Маврина семья сразу ожила, точно и день был светлее, и все помолодели. Мавра сбегала к Горбатым и выпросила целую ковригу хлеба, а у Деяна заняла луку да соли. К вечеру Окулко действительно кончил лужок, опять молча поужинал и улегся в балагане. Наташка радовалась: сгрести готовую кошенину не велика печаль, а старая Мавра опять горько плакала. Как-то Окулко пойдет объявляться в контору? Ушлют его опять в острог в Верхотурье, только и видела работничка.
X
По всем покосам широкою волной прокатилась молва о задуманном переселении в орду, и самым разнообразным толкам не было конца.

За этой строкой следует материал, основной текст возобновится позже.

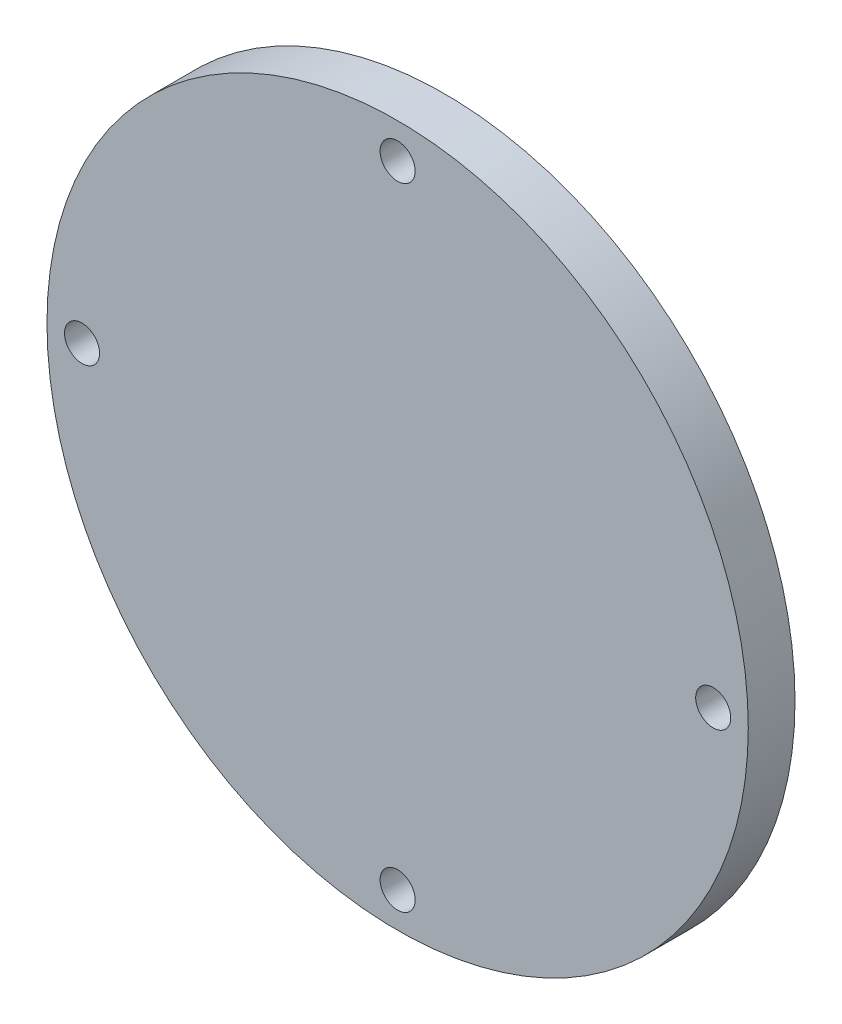
ISO-10303-21;
HEADER;
FILE_DESCRIPTION(('STEP AP214'),'2;1');
FILE_NAME('part.step','',(''),(''),'','','');
FILE_SCHEMA(('AUTOMOTIVE_DESIGN { 1 0 10303 214 1 1 1 1 }'));
ENDSEC;
DATA;
#1=APPLICATION_CONTEXT('core data for automotive mechanical design processes');
#2=APPLICATION_PROTOCOL_DEFINITION('international standard','automotive_design',2000,#1);
#3=PRODUCT_CONTEXT('',#1,'mechanical');
#4=PRODUCT('Part','Part','',(#3));
#5=PRODUCT_RELATED_PRODUCT_CATEGORY('part','',(#4));
#6=PRODUCT_DEFINITION_FORMATION('','',#4);
#7=PRODUCT_DEFINITION_CONTEXT('part definition',#1,'design');
#8=PRODUCT_DEFINITION('design','',#6,#7);
#9=PRODUCT_DEFINITION_SHAPE('','',#8);
#10=(LENGTH_UNIT() NAMED_UNIT(*) SI_UNIT(.MILLI.,.METRE.));
#11=(NAMED_UNIT(*) PLANE_ANGLE_UNIT() SI_UNIT($,.RADIAN.));
#12=(NAMED_UNIT(*) SI_UNIT($,.STERADIAN.) SOLID_ANGLE_UNIT());
#13=UNCERTAINTY_MEASURE_WITH_UNIT(LENGTH_MEASURE(1.E-05),#10,'distance_accuracy_value','');
#14=(GEOMETRIC_REPRESENTATION_CONTEXT(3) GLOBAL_UNCERTAINTY_ASSIGNED_CONTEXT((#13)) GLOBAL_UNIT_ASSIGNED_CONTEXT((#10,
#11,#12)) REPRESENTATION_CONTEXT('',''));
#15=CARTESIAN_POINT('',(0.,0.,0.));
#16=DIRECTION('',(0.,0.,1.));
#17=DIRECTION('',(1.,0.,0.));
#18=AXIS2_PLACEMENT_3D('',#15,#16,#17);
#19=CARTESIAN_POINT('',(0.,0.,4.));
#20=DIRECTION('',(0.,0.,-1.));
#21=DIRECTION('',(-1.,0.,0.));
#22=AXIS2_PLACEMENT_3D('',#19,#20,#21);
#23=CYLINDRICAL_SURFACE('',#22,30.);
#24=CARTESIAN_POINT('',(0.,0.,4.));
#25=DIRECTION('',(0.,0.,1.));
#26=DIRECTION('',(1.,0.,0.));
#27=AXIS2_PLACEMENT_3D('',#24,#25,#26);
#28=CIRCLE('',#27,30.);
#29=CARTESIAN_POINT('',(30.,0.,4.));
#30=VERTEX_POINT('',#29);
#31=EDGE_CURVE('E44',#30,#30,#28,.T.);
#32=ORIENTED_EDGE('',*,*,#31,.F.);
#33=EDGE_LOOP('',(#32));
#34=FACE_BOUND('',#33,.T.);
#35=CARTESIAN_POINT('',(0.,0.,0.));
#36=DIRECTION('',(0.,0.,1.));
#37=DIRECTION('',(1.,0.,0.));
#38=AXIS2_PLACEMENT_3D('',#35,#36,#37);
#39=CIRCLE('',#38,30.);
#40=CARTESIAN_POINT('',(30.,0.,0.));
#41=VERTEX_POINT('',#40);
#42=EDGE_CURVE('E49',#41,#41,#39,.T.);
#43=ORIENTED_EDGE('',*,*,#42,.T.);
#44=EDGE_LOOP('',(#43));
#45=FACE_BOUND('',#44,.T.);
#46=ADVANCED_FACE('F37',(#34,#45),#23,.T.);
#47=CARTESIAN_POINT('',(0.,0.,4.));
#48=DIRECTION('',(0.,0.,1.));
#49=DIRECTION('',(1.,0.,0.));
#50=AXIS2_PLACEMENT_3D('',#47,#48,#49);
#51=PLANE('',#50);
#52=CARTESIAN_POINT('',(-27.,0.,4.));
#53=DIRECTION('',(0.,0.,1.));
#54=DIRECTION('',(0.,1.,0.));
#55=AXIS2_PLACEMENT_3D('',#52,#53,#54);
#56=CIRCLE('',#55,1.5);
#57=CARTESIAN_POINT('',(-27.,1.49999999999991,4.));
#58=VERTEX_POINT('',#57);
#59=EDGE_CURVE('E69',#58,#58,#56,.T.);
#60=ORIENTED_EDGE('',*,*,#59,.F.);
#61=EDGE_LOOP('',(#60));
#62=FACE_BOUND('',#61,.T.);
#63=CARTESIAN_POINT('',(0.,-27.,4.));
#64=DIRECTION('',(0.,0.,1.));
#65=DIRECTION('',(-1.,0.,0.));
#66=AXIS2_PLACEMENT_3D('',#63,#64,#65);
#67=CIRCLE('',#66,1.5);
#68=CARTESIAN_POINT('',(-1.5,-27.,4.));
#69=VERTEX_POINT('',#68);
#70=EDGE_CURVE('E148',#69,#69,#67,.T.);
#71=ORIENTED_EDGE('',*,*,#70,.F.);
#72=EDGE_LOOP('',(#71));
#73=FACE_BOUND('',#72,.T.);
#74=CARTESIAN_POINT('',(27.,2.82809988446294E-13,4.));
#75=DIRECTION('',(0.,0.,1.));
#76=DIRECTION('',(0.,-1.,0.));
#77=AXIS2_PLACEMENT_3D('',#74,#75,#76);
#78=CIRCLE('',#77,1.5);
#79=CARTESIAN_POINT('',(27.,-1.49999999999972,4.));
#80=VERTEX_POINT('',#79);
#81=EDGE_CURVE('E144',#80,#80,#78,.T.);
#82=ORIENTED_EDGE('',*,*,#81,.F.);
#83=EDGE_LOOP('',(#82));
#84=FACE_BOUND('',#83,.T.);
#85=CARTESIAN_POINT('',(0.,27.,4.));
#86=DIRECTION('',(0.,0.,1.));
#87=DIRECTION('',(1.,0.,0.));
#88=AXIS2_PLACEMENT_3D('',#85,#86,#87);
#89=CIRCLE('',#88,1.5);
#90=CARTESIAN_POINT('',(1.5,27.,4.));
#91=VERTEX_POINT('',#90);
#92=EDGE_CURVE('E58',#91,#91,#89,.T.);
#93=ORIENTED_EDGE('',*,*,#92,.F.);
#94=EDGE_LOOP('',(#93));
#95=FACE_BOUND('',#94,.T.);
#96=ORIENTED_EDGE('',*,*,#31,.T.);
#97=EDGE_LOOP('',(#96));
#98=FACE_BOUND('',#97,.T.);
#99=ADVANCED_FACE('F84',(#62,#73,#84,#95,#98),#51,.T.);
#100=CARTESIAN_POINT('',(0.,0.,0.));
#101=DIRECTION('',(0.,0.,1.));
#102=DIRECTION('',(1.,0.,0.));
#103=AXIS2_PLACEMENT_3D('',#100,#101,#102);
#104=PLANE('',#103);
#105=CARTESIAN_POINT('',(0.,0.,0.));
#106=DIRECTION('',(0.,0.,1.));
#107=DIRECTION('',(1.,0.,0.));
#108=AXIS2_PLACEMENT_3D('',#105,#106,#107);
#109=CIRCLE('',#108,16.);
#110=CARTESIAN_POINT('',(16.,0.,0.));
#111=VERTEX_POINT('',#110);
#112=EDGE_CURVE('E10',#111,#111,#109,.F.);
#113=ORIENTED_EDGE('',*,*,#112,.F.);
#114=EDGE_LOOP('',(#113));
#115=FACE_BOUND('',#114,.T.);
#116=CARTESIAN_POINT('',(-27.,0.,0.));
#117=DIRECTION('',(0.,0.,1.));
#118=DIRECTION('',(1.,0.,0.));
#119=AXIS2_PLACEMENT_3D('',#116,#117,#118);
#120=CIRCLE('',#119,1.5);
#121=CARTESIAN_POINT('',(-25.5,0.,0.));
#122=VERTEX_POINT('',#121);
#123=EDGE_CURVE('E72',#122,#122,#120,.T.);
#124=ORIENTED_EDGE('',*,*,#123,.T.);
#125=EDGE_LOOP('',(#124));
#126=FACE_BOUND('',#125,.T.);
#127=CARTESIAN_POINT('',(0.,-27.,0.));
#128=DIRECTION('',(0.,0.,1.));
#129=DIRECTION('',(1.,0.,0.));
#130=AXIS2_PLACEMENT_3D('',#127,#128,#129);
#131=CIRCLE('',#130,1.5);
#132=CARTESIAN_POINT('',(1.5,-27.,0.));
#133=VERTEX_POINT('',#132);
#134=EDGE_CURVE('E68',#133,#133,#131,.T.);
#135=ORIENTED_EDGE('',*,*,#134,.T.);
#136=EDGE_LOOP('',(#135));
#137=FACE_BOUND('',#136,.T.);
#138=CARTESIAN_POINT('',(27.,2.82809988446294E-13,0.));
#139=DIRECTION('',(0.,0.,1.));
#140=DIRECTION('',(1.,0.,0.));
#141=AXIS2_PLACEMENT_3D('',#138,#139,#140);
#142=CIRCLE('',#141,1.5);
#143=CARTESIAN_POINT('',(28.5,2.82809988446294E-13,0.));
#144=VERTEX_POINT('',#143);
#145=EDGE_CURVE('E64',#144,#144,#142,.T.);
#146=ORIENTED_EDGE('',*,*,#145,.T.);
#147=EDGE_LOOP('',(#146));
#148=FACE_BOUND('',#147,.T.);
#149=CARTESIAN_POINT('',(0.,27.,0.));
#150=DIRECTION('',(0.,0.,1.));
#151=DIRECTION('',(1.,0.,0.));
#152=AXIS2_PLACEMENT_3D('',#149,#150,#151);
#153=CIRCLE('',#152,1.5);
#154=CARTESIAN_POINT('',(1.5,27.,0.));
#155=VERTEX_POINT('',#154);
#156=EDGE_CURVE('E55',#155,#155,#153,.T.);
#157=ORIENTED_EDGE('',*,*,#156,.T.);
#158=EDGE_LOOP('',(#157));
#159=FACE_BOUND('',#158,.T.);
#160=ORIENTED_EDGE('',*,*,#42,.F.);
#161=EDGE_LOOP('',(#160));
#162=FACE_BOUND('',#161,.T.);
#163=ADVANCED_FACE('F86',(#115,#126,#137,#148,#159,#162),#104,.F.);
#164=CARTESIAN_POINT('',(0.,27.,-6.));
#165=DIRECTION('',(0.,0.,1.));
#166=DIRECTION('',(1.,0.,0.));
#167=AXIS2_PLACEMENT_3D('',#164,#165,#166);
#168=CYLINDRICAL_SURFACE('',#167,1.5);
#169=ORIENTED_EDGE('',*,*,#92,.T.);
#170=EDGE_LOOP('',(#169));
#171=FACE_BOUND('',#170,.T.);
#172=ORIENTED_EDGE('',*,*,#156,.F.);
#173=EDGE_LOOP('',(#172));
#174=FACE_BOUND('',#173,.T.);
#175=ADVANCED_FACE('F81',(#171,#174),#168,.F.);
#176=CARTESIAN_POINT('',(27.,2.82809988446294E-13,-6.));
#177=DIRECTION('',(0.,0.,1.));
#178=DIRECTION('',(1.,0.,0.));
#179=AXIS2_PLACEMENT_3D('',#176,#177,#178);
#180=CYLINDRICAL_SURFACE('',#179,1.5);
#181=ORIENTED_EDGE('',*,*,#81,.T.);
#182=EDGE_LOOP('',(#181));
#183=FACE_BOUND('',#182,.T.);
#184=ORIENTED_EDGE('',*,*,#145,.F.);
#185=EDGE_LOOP('',(#184));
#186=FACE_BOUND('',#185,.T.);
#187=ADVANCED_FACE('F101',(#183,#186),#180,.F.);
#188=CARTESIAN_POINT('',(0.,-27.,-6.));
#189=DIRECTION('',(0.,0.,1.));
#190=DIRECTION('',(1.,0.,0.));
#191=AXIS2_PLACEMENT_3D('',#188,#189,#190);
#192=CYLINDRICAL_SURFACE('',#191,1.5);
#193=ORIENTED_EDGE('',*,*,#70,.T.);
#194=EDGE_LOOP('',(#193));
#195=FACE_BOUND('',#194,.T.);
#196=ORIENTED_EDGE('',*,*,#134,.F.);
#197=EDGE_LOOP('',(#196));
#198=FACE_BOUND('',#197,.T.);
#199=ADVANCED_FACE('F104',(#195,#198),#192,.F.);
#200=CARTESIAN_POINT('',(-27.,0.,-6.));
#201=DIRECTION('',(0.,0.,1.));
#202=DIRECTION('',(1.,0.,0.));
#203=AXIS2_PLACEMENT_3D('',#200,#201,#202);
#204=CYLINDRICAL_SURFACE('',#203,1.5);
#205=ORIENTED_EDGE('',*,*,#59,.T.);
#206=EDGE_LOOP('',(#205));
#207=FACE_BOUND('',#206,.T.);
#208=ORIENTED_EDGE('',*,*,#123,.F.);
#209=EDGE_LOOP('',(#208));
#210=FACE_BOUND('',#209,.T.);
#211=ADVANCED_FACE('F108',(#207,#210),#204,.F.);
#212=CARTESIAN_POINT('',(0.,0.,-6.));
#213=DIRECTION('',(0.,0.,-1.));
#214=DIRECTION('',(-1.,0.,0.));
#215=AXIS2_PLACEMENT_3D('',#212,#213,#214);
#216=PLANE('',#215);
#217=CARTESIAN_POINT('',(0.,0.,-6.));
#218=DIRECTION('',(0.,0.,-1.));
#219=DIRECTION('',(-1.,0.,0.));
#220=AXIS2_PLACEMENT_3D('',#217,#218,#219);
#221=CIRCLE('',#220,16.);
#222=CARTESIAN_POINT('',(-16.,0.,-6.));
#223=VERTEX_POINT('',#222);
#224=EDGE_CURVE('E138',#223,#223,#221,.T.);
#225=ORIENTED_EDGE('',*,*,#224,.T.);
#226=EDGE_LOOP('',(#225));
#227=FACE_BOUND('',#226,.T.);
#228=CARTESIAN_POINT('',(0.,0.,-6.));
#229=DIRECTION('',(0.,0.,-1.));
#230=DIRECTION('',(-1.,0.,0.));
#231=AXIS2_PLACEMENT_3D('',#228,#229,#230);
#232=CIRCLE('',#231,12.5);
#233=CARTESIAN_POINT('',(-12.5,0.,-6.));
#234=VERTEX_POINT('',#233);
#235=EDGE_CURVE('E131',#234,#234,#232,.T.);
#236=ORIENTED_EDGE('',*,*,#235,.F.);
#237=EDGE_LOOP('',(#236));
#238=FACE_BOUND('',#237,.T.);
#239=ADVANCED_FACE('F112',(#227,#238),#216,.T.);
#240=CARTESIAN_POINT('',(0.,0.,-6.));
#241=DIRECTION('',(0.,0.,1.));
#242=DIRECTION('',(1.,0.,0.));
#243=AXIS2_PLACEMENT_3D('',#240,#241,#242);
#244=CYLINDRICAL_SURFACE('',#243,16.);
#245=ORIENTED_EDGE('',*,*,#224,.F.);
#246=EDGE_LOOP('',(#245));
#247=FACE_BOUND('',#246,.T.);
#248=ORIENTED_EDGE('',*,*,#112,.T.);
#249=EDGE_LOOP('',(#248));
#250=FACE_BOUND('',#249,.T.);
#251=ADVANCED_FACE('F114',(#247,#250),#244,.T.);
#252=CARTESIAN_POINT('',(0.,0.,-6.));
#253=DIRECTION('',(0.,0.,1.));
#254=DIRECTION('',(1.,0.,0.));
#255=AXIS2_PLACEMENT_3D('',#252,#253,#254);
#256=CYLINDRICAL_SURFACE('',#255,12.5);
#257=ORIENTED_EDGE('',*,*,#235,.T.);
#258=EDGE_LOOP('',(#257));
#259=FACE_BOUND('',#258,.T.);
#260=CARTESIAN_POINT('',(0.,0.,0.));
#261=DIRECTION('',(0.,0.,-1.));
#262=DIRECTION('',(-1.,0.,0.));
#263=AXIS2_PLACEMENT_3D('',#260,#261,#262);
#264=CIRCLE('',#263,12.5);
#265=CARTESIAN_POINT('',(-12.5,0.,0.));
#266=VERTEX_POINT('',#265);
#267=EDGE_CURVE('E134',#266,#266,#264,.T.);
#268=ORIENTED_EDGE('',*,*,#267,.F.);
#269=EDGE_LOOP('',(#268));
#270=FACE_BOUND('',#269,.T.);
#271=ADVANCED_FACE('F117',(#259,#270),#256,.F.);
#272=ORIENTED_EDGE('',*,*,#267,.T.);
#273=EDGE_LOOP('',(#272));
#274=FACE_BOUND('',#273,.T.);
#275=ADVANCED_FACE('F94',(#274),#104,.F.);
#276=CLOSED_SHELL('',(#46,#99,#163,#175,#187,#199,#211,#239,#251,#271,#275));
#277=MANIFOLD_SOLID_BREP('B2',#276);
#278=ADVANCED_BREP_SHAPE_REPRESENTATION('',(#18,#277),#14);
#279=SHAPE_DEFINITION_REPRESENTATION(#9,#278);
ENDSEC;
END-ISO-10303-21;

— Надо засылать ходоков, старички, — повторял Филипп Чеботарев, когда собирались человек пять-шесть. — Страда в половине, которые семьи управились с кошениной, а ежели есть свои мужики, так поставят сено и без старика. Надо засылать.
— Уж это што и говорить, — соглашались все. — Как по другим прочиим местам добрые люди делают, так и мы. Жалованье зададим ходокам, чтобы им не обидно было и чтобы неустойки не вышло. Тоже задарма кому охота болтаться… В аккурате надо дело делать.
Все понимали, что в ходоки нужно выбрать обстоятельных стариков, а не кого-нибудь. Дело хлопотливое и ответственное, и не всякий на него пойдет. Раз под вечер, когда семья Горбатых дружно вершила первый зарод, к ним степенно подвалила артелька стариков.
— Здорово, старички! — весело крикнул Тит с зарода.
— Бог на помочь!
Старички присели к сторонке и с достоинством обождали, пока Горбатые кончат свою работу. Макар и Федор продолжали свое дело, не обращая на гостей никакого внимания. Молодые мужики вообще как-то сторонились от стариков, а в больших туляцких семьях они не смели пикнуть, когда большак дома. Легко работали Горбатые около своего зарода, так что любо-дорого было смотреть. Филипп Чеботарев наблюдал их с тайною завистью: вот бы ему хоть одного сына в семью, а то с девками недалеко уедешь. Из туляков пришли Деян Поперешный и рыжий, как огонь, Шкарабура (прозвище за необыкновенный вид), а из хохлов Дорох Ковальчук, Канусик и Шикун.
— Садитесь, этово-тово, на прясло-то, так гости будете, — кричал Тит, едва успевая принимать подкидываемое сыновьями сено.
— Управляйся, дедушко, дело не к спеху.
Подбиравшие граблями сено бабы молчали: они чувствовали, зачем приволоклись старички. Палагея сердито поглядывала на снох.
Когда кончили вершить зарод, Макар и Федор ушли копнить поспевшее к вечеру сено, а за ними поплелись бабы. Тит спустился с зарода, обругал Пашку, который неладно покрывал верхушку зарода свежими березовыми ветками, и подошел к дожидавшим старичкам.